Semenjak kakak saya meninggal saya agak jarang ke Yogya. Kalaupun berkunjung tidak pernah lebih dari 3 hari. Itu saya lakukan karena berziarah ke makam Bapak dan Ibu  yang memang keduanya dimakamkan di Yogya. Kadang saya sangat rindu dengan Bapak dan Ibu saya sehingga setiap tahun saya usahakan berkunjung ke makamnya dan biasanya sesekali saya sempatkan menemui kemenakan saya. 

Tak terasa waktu berlalu dengan cepat dan gadis kecil itu sudah tumbuh menjadi gadis cantik yang siap untuk melangkah menuju kehidupan barunya bersama laki-laki yang pasti dicintainya. Rasa syukur karena gadis itu bisa melewati masa remaja dan masa sekolahnya dengan baik. Saya memang bukan *bule mereka yang baik dalam arti sesungguhnya. Namun saya akan mengupayakan agar kemenakan saya dapat melewati masa remaja dan masa sekolahnya dengan baik.

Hubungan kami sedikit berubah setelah kakak ipar saya menikah kembali beberapa tahun yang lalu. Meskipun demikian saya tetap berhubungan dengan kemenakan walaupun hanya sekedar menanyakan sekolahnya atau keseharian mereka. Tidak  dekat secara fisik namun secara batin mudah-mudahan hubungan kami dekat meski dengan keterbatasan jarak.

Malam saat gadis itu menghubungi saya untuk meminta doa restu, entah mengapa saya teringat almarhum kakak saya dan yakin almarhum  bahagia sekali di sana karena gadis kecilnya akan menikah. Gadis itu ingin saya  mendoakan kebahagiannya karena dia ingin keberadaan bapaknya hadir melalui saya. Bahagia dan haru karena gadis itu sudah mampu memutuskan hidupnya sendiri bersama laki-laki yang dia cintainya. Gadis kecil yang suka menatap saya lekat-lekat sudah siap melangkah menuju  kehidupan berikutnya. 
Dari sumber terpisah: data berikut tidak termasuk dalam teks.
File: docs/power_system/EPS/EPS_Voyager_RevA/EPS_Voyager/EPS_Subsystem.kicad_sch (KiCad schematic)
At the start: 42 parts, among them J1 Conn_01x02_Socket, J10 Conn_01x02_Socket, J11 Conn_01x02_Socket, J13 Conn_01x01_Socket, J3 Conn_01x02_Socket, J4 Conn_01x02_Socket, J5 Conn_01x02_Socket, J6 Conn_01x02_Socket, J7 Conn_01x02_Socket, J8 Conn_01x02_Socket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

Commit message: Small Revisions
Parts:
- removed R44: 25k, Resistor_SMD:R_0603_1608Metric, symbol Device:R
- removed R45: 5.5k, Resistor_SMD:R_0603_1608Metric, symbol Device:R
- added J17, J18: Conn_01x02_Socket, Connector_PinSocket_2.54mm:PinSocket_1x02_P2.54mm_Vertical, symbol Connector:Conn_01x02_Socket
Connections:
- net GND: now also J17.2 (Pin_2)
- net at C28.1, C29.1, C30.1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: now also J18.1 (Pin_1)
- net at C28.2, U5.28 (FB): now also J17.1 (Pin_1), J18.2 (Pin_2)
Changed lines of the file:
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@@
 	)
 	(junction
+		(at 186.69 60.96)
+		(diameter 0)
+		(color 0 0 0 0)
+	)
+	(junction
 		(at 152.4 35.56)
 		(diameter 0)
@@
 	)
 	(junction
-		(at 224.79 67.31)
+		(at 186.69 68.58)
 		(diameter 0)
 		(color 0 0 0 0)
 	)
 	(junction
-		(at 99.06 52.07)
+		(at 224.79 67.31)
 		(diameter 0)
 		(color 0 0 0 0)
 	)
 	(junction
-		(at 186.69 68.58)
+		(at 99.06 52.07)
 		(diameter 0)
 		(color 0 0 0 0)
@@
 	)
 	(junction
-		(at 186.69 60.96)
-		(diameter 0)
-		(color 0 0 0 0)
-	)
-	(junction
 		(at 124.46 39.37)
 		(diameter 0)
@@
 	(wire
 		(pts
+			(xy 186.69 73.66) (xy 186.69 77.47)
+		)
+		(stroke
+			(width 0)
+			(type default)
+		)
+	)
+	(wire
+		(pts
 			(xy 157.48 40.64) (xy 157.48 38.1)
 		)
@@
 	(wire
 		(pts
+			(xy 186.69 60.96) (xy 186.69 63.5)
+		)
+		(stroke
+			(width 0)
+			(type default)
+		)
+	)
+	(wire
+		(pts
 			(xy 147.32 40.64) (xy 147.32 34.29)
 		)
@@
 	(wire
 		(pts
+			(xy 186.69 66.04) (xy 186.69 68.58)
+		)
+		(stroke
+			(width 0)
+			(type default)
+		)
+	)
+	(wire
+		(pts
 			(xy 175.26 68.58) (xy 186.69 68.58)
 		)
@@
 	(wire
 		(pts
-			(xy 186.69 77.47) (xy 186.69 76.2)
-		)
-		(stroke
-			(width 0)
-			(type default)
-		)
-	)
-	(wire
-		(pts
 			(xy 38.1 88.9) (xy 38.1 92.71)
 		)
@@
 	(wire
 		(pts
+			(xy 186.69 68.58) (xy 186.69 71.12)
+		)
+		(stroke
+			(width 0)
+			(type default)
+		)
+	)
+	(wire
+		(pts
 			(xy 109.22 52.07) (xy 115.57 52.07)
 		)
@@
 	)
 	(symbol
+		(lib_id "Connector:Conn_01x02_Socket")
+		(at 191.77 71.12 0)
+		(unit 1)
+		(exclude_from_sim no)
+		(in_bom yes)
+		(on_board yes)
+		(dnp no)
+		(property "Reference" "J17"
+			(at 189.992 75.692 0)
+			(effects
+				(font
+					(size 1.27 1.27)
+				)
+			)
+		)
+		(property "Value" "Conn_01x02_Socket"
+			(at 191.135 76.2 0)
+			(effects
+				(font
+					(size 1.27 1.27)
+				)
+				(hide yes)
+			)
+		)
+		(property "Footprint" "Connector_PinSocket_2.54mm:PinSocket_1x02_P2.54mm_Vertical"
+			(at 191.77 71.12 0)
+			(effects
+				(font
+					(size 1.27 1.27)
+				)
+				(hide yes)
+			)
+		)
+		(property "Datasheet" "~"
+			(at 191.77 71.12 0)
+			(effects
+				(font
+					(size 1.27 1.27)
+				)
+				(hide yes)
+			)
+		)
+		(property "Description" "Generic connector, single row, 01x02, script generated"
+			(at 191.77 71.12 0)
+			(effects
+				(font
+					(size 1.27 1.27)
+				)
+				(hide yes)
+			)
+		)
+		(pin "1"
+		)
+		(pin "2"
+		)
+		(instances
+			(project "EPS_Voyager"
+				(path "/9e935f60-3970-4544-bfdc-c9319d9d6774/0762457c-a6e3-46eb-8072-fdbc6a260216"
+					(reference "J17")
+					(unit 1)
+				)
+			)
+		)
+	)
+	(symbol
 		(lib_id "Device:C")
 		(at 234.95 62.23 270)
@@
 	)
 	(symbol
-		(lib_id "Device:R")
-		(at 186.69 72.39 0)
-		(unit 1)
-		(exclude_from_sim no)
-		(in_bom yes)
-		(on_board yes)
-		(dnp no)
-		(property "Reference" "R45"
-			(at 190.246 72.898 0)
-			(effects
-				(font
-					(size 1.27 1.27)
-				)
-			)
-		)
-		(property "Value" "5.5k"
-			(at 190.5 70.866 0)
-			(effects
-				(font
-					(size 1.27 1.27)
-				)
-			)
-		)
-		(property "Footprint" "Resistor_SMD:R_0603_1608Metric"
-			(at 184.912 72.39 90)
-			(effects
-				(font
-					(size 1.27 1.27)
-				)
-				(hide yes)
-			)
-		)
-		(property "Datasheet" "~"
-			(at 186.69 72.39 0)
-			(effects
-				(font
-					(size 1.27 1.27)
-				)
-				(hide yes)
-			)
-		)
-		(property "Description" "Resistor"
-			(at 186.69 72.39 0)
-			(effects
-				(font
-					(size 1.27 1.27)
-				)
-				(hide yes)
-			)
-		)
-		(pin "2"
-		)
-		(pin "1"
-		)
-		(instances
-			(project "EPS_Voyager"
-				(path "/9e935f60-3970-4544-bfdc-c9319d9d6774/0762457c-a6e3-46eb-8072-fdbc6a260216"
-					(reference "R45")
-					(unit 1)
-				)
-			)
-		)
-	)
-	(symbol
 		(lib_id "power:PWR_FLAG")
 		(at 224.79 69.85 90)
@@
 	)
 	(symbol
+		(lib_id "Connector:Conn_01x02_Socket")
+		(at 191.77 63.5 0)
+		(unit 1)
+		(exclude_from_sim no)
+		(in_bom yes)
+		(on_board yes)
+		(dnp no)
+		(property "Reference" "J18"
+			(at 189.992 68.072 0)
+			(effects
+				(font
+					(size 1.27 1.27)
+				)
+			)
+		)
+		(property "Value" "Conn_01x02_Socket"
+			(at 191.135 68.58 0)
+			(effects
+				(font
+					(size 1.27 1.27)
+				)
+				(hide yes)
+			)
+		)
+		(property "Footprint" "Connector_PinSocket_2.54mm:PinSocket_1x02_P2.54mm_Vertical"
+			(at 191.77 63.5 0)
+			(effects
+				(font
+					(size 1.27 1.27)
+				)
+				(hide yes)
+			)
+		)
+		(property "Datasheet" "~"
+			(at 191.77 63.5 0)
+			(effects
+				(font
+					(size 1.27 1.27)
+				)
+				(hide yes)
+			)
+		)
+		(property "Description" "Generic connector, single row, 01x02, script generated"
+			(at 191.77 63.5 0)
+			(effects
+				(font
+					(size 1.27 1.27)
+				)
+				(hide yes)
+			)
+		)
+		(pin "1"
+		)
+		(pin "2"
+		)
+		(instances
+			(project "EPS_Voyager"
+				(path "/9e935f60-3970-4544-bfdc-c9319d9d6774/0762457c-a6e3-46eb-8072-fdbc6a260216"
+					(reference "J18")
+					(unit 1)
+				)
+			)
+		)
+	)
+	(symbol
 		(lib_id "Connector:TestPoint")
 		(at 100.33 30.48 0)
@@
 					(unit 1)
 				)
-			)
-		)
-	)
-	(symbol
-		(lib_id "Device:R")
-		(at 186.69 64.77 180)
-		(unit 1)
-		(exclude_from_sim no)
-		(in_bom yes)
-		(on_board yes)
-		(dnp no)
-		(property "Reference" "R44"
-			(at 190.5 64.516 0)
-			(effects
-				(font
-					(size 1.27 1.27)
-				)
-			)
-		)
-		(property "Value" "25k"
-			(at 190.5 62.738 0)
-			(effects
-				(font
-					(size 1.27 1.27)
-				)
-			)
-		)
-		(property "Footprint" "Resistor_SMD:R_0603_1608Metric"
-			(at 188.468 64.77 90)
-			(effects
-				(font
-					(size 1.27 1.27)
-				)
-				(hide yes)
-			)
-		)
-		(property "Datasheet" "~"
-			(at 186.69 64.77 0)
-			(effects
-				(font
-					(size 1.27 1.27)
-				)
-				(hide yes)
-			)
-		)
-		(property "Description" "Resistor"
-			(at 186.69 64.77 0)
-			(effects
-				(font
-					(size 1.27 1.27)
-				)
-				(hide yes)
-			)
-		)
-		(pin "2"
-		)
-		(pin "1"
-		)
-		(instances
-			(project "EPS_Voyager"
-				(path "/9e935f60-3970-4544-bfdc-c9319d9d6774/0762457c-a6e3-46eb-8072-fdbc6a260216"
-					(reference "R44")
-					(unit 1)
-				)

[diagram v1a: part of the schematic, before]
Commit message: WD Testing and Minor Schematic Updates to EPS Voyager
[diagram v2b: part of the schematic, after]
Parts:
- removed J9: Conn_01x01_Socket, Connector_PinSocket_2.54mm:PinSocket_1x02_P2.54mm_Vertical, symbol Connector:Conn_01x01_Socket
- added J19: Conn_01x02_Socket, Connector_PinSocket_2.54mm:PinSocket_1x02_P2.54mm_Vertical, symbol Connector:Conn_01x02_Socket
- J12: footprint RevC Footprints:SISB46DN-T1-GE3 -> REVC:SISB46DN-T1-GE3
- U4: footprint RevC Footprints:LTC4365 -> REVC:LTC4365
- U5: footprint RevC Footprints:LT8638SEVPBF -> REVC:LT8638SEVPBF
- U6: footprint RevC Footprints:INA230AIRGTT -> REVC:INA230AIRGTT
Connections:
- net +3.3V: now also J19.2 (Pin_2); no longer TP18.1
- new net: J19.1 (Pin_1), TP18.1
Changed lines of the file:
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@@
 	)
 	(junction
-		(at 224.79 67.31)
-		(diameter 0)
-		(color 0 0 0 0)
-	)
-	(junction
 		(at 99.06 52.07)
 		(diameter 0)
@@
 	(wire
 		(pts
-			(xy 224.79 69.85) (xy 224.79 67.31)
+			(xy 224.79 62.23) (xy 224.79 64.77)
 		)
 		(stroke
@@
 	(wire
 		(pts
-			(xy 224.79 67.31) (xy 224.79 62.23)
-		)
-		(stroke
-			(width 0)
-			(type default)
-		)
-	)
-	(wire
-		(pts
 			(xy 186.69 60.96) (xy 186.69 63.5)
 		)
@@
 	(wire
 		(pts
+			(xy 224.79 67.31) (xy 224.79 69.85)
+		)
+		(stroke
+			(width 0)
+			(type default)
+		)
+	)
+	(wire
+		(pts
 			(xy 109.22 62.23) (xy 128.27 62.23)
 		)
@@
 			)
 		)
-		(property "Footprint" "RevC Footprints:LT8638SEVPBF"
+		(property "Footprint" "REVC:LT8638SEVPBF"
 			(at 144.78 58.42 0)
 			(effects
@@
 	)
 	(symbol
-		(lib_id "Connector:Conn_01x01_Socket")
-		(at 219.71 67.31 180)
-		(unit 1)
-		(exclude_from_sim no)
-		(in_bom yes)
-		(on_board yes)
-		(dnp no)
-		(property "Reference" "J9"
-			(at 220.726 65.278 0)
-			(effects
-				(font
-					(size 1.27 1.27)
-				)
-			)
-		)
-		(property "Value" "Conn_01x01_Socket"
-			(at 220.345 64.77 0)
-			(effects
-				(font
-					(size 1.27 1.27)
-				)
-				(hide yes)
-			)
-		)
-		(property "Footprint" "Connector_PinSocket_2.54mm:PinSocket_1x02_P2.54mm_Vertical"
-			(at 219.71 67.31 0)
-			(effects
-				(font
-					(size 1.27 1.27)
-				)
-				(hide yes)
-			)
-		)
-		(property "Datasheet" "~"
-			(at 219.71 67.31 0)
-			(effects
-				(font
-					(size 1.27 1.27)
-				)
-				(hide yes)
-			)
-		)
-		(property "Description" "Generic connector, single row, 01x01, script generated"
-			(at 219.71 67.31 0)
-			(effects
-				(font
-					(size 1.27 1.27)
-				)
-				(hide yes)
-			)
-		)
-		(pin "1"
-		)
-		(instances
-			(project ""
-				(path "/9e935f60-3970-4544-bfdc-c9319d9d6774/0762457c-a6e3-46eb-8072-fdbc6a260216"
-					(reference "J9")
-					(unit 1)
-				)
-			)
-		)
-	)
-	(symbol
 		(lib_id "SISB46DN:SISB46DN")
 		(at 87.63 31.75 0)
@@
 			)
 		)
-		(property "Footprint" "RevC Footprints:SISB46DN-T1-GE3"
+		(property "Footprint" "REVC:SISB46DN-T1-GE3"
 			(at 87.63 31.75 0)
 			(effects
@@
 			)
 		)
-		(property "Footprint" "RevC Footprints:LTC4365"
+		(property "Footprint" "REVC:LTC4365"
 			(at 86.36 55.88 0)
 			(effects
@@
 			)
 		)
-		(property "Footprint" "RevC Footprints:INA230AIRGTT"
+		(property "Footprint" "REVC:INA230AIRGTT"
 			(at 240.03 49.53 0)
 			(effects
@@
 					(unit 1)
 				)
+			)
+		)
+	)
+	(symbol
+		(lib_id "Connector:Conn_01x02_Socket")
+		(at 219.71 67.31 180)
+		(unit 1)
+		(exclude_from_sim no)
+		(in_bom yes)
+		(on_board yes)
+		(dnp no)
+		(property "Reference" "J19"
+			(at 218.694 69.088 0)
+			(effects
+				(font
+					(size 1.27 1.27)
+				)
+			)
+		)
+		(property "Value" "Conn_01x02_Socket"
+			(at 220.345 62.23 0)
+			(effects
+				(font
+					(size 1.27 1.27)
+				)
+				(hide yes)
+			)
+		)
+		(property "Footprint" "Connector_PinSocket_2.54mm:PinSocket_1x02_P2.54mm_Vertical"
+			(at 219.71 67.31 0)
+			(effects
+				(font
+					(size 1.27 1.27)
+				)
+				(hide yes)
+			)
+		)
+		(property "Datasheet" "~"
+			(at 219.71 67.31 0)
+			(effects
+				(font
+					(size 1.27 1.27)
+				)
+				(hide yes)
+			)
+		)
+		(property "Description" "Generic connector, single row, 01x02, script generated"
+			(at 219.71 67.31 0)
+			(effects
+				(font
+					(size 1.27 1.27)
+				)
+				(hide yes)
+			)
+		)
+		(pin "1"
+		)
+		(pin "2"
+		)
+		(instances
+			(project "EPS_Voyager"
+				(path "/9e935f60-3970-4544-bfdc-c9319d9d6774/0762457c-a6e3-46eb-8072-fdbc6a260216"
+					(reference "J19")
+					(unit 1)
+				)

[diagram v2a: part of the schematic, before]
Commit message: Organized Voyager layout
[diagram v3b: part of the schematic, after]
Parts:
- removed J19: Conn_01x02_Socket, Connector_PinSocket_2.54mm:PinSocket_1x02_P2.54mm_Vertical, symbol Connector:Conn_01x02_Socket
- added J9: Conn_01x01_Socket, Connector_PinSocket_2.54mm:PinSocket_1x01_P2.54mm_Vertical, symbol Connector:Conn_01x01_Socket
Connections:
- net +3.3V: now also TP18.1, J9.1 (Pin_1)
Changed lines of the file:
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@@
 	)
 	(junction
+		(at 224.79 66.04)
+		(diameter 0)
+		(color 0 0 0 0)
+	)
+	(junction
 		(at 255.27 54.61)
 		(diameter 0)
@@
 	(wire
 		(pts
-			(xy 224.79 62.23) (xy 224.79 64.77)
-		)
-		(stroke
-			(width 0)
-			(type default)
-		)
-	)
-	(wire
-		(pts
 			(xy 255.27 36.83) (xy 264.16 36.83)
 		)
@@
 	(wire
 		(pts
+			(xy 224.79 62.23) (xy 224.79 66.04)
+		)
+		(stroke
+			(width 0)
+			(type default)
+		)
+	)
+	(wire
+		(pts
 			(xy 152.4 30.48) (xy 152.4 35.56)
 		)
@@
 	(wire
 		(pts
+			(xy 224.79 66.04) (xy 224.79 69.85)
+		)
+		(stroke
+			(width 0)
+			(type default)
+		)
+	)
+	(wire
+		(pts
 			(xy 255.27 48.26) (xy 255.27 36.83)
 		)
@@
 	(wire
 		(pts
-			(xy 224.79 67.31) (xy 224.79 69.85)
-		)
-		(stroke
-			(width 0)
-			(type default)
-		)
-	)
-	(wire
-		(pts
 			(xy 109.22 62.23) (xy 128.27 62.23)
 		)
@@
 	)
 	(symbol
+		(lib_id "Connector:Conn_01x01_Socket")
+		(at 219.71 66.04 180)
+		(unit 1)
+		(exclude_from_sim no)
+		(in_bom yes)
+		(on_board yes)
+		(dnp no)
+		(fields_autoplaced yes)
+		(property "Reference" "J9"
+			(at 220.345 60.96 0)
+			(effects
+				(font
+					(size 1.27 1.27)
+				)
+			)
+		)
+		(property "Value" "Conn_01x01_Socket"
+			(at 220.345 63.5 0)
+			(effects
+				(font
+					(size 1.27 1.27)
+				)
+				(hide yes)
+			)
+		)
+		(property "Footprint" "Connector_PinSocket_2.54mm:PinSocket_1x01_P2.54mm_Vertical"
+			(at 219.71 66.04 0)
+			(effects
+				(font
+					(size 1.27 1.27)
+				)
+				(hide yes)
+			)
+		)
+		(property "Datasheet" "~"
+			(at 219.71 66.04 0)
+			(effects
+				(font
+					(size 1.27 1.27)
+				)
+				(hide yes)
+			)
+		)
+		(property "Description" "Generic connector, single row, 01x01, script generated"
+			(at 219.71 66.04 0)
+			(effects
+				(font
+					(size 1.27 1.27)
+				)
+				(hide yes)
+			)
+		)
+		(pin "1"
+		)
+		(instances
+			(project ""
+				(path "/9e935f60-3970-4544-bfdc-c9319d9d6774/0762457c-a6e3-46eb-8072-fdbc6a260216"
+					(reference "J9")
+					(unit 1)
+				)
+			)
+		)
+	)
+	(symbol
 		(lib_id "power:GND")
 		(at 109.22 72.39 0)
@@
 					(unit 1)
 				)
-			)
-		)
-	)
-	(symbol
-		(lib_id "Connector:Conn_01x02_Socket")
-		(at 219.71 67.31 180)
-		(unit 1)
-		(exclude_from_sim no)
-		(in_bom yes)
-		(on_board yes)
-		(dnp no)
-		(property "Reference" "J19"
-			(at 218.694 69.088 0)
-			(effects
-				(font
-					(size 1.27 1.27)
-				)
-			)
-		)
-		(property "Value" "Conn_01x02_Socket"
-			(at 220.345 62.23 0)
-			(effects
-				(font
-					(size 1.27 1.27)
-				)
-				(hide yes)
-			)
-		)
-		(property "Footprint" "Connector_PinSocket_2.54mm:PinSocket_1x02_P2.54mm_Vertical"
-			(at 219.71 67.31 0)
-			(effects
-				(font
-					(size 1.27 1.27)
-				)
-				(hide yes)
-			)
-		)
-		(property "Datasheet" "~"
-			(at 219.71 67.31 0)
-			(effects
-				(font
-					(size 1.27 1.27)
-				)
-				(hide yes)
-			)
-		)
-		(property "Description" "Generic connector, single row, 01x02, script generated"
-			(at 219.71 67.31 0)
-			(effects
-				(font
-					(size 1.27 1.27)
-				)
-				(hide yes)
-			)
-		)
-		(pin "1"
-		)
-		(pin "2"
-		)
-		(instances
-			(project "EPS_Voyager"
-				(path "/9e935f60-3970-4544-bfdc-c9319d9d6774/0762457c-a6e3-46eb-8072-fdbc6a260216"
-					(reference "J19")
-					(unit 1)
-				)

Ada kesedihan bergayut di hati saya karena saya harus melewatkan lagi dan tidak dapat menghadiri banyak hal dikeluarga kami;  kematian, kelahiran dan pernikahan anggota keluarga, karena wabah yang belum juga mereda.  Ya... pasti ada hikmah dibalik wabah Covid-19.  Karena selalu ada saja kebahagian lain  menggantikan kesedihan karena baru saja kehilangan anggota keluarga beberapa bulan lalu. 

Selamat mengarungi hidup baru gadis kecil mas Edi. Semoga segala hal baik senantiasa menyertai kehidupan baru kalian. ( SWA )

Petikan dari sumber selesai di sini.